Work required - In the copy, keep every word of the data below and none of its pictures.

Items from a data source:
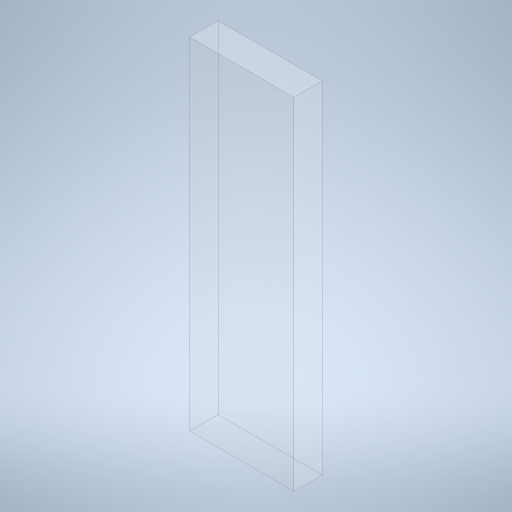
# Autodesk Inventor part: base_bateria2
Saved by Autodesk Inventor 2023 (Build 270158000, 158)
## iProperties
Created: 2023-06-07
Part Number: base_bateria2
Material: Cristal
Document SubType Name: Modeling
Designer: sergi
Density: 2.18 g/cm^3
Appearance: Claro - Ligero
Author: sergi
Autodesk Inventor part; units mm, degrees
ref_plane "YZ Plane" through (0, 0, 0) normal (1, 0, 0) x (0, 1, 0)
ref_plane "XZ Plane" through (0, 0, 0) normal (0, 1, 0) x (-1, 0, 0)
ref_plane "XY Plane" through (0, 0, 0) normal (0, 0, 1) x (1, 0, 0)
sketch "Boceto1" plane through (0, 0, 0) normal (0, 1, 0) x (-1, 0, 0)
  line L0 (-5.5, -1.5) -> (5.5, -1.5)
  line L1 (5.5, -1.5) -> (5.5, 1.5)
  line L2 (5.5, 1.5) -> (-5.5, 1.5)
  line L3 (-5.5, 1.5) -> (-5.5, -1.5)
  line L4 (-5.5, -1.5) -> (5.5, 1.5) construction
  line L5 (5.5, -1.5) -> (-5.5, 1.5) construction
  point P0 (0, 0)
  dimension "d0" = 11
  dimension "d1" = 3
  constraints: 12 end point, 2 midpoint, 2 parallel, 1 horizontal, 1 perpendicular
  measures "d0" distance of L2.end L1.end
  measures "d1" distance of L0.end L1.end
extrude "Extrusión1" add sketch "Boceto1" along normal blind 36

Response area -
# Autodesk Inventor part: base_bateria2
Saved by Autodesk Inventor 2023 (Build 270158000, 158)
## iProperties
Created: 2023-06-07
Part Number: base_bateria2
Material: Cristal
Document SubType Name: Modeling
Designer: sergi
Density: 2.18 g/cm^3
Appearance: Claro - Ligero
Author: sergi
Autodesk Inventor part; units mm, degrees
ref_plane "YZ Plane" through (0, 0, 0) normal (1, 0, 0) x (0, 1, 0)
ref_plane "XZ Plane" through (0, 0, 0) normal (0, 1, 0) x (-1, 0, 0)
ref_plane "XY Plane" through (0, 0, 0) normal (0, 0, 1) x (1, 0, 0)
sketch "Boceto1" plane through (0, 0, 0) normal (0, 1, 0) x (-1, 0, 0)
  line L0 (-5.5, -1.5) -> (5.5, -1.5)
  line L1 (5.5, -1.5) -> (5.5, 1.5)
  line L2 (5.5, 1.5) -> (-5.5, 1.5)
  line L3 (-5.5, 1.5) -> (-5.5, -1.5)
  line L4 (-5.5, -1.5) -> (5.5, 1.5) construction
  line L5 (5.5, -1.5) -> (-5.5, 1.5) construction
  point P0 (0, 0)
  dimension "d0" = 11
  dimension "d1" = 3
  constraints: 12 end point, 2 midpoint, 2 parallel, 1 horizontal, 1 perpendicular
  measures "d0" distance of L2.end L1.end
  measures "d1" distance of L0.end L1.end
extrude "Extrusión1" add sketch "Boceto1" along normal blind 36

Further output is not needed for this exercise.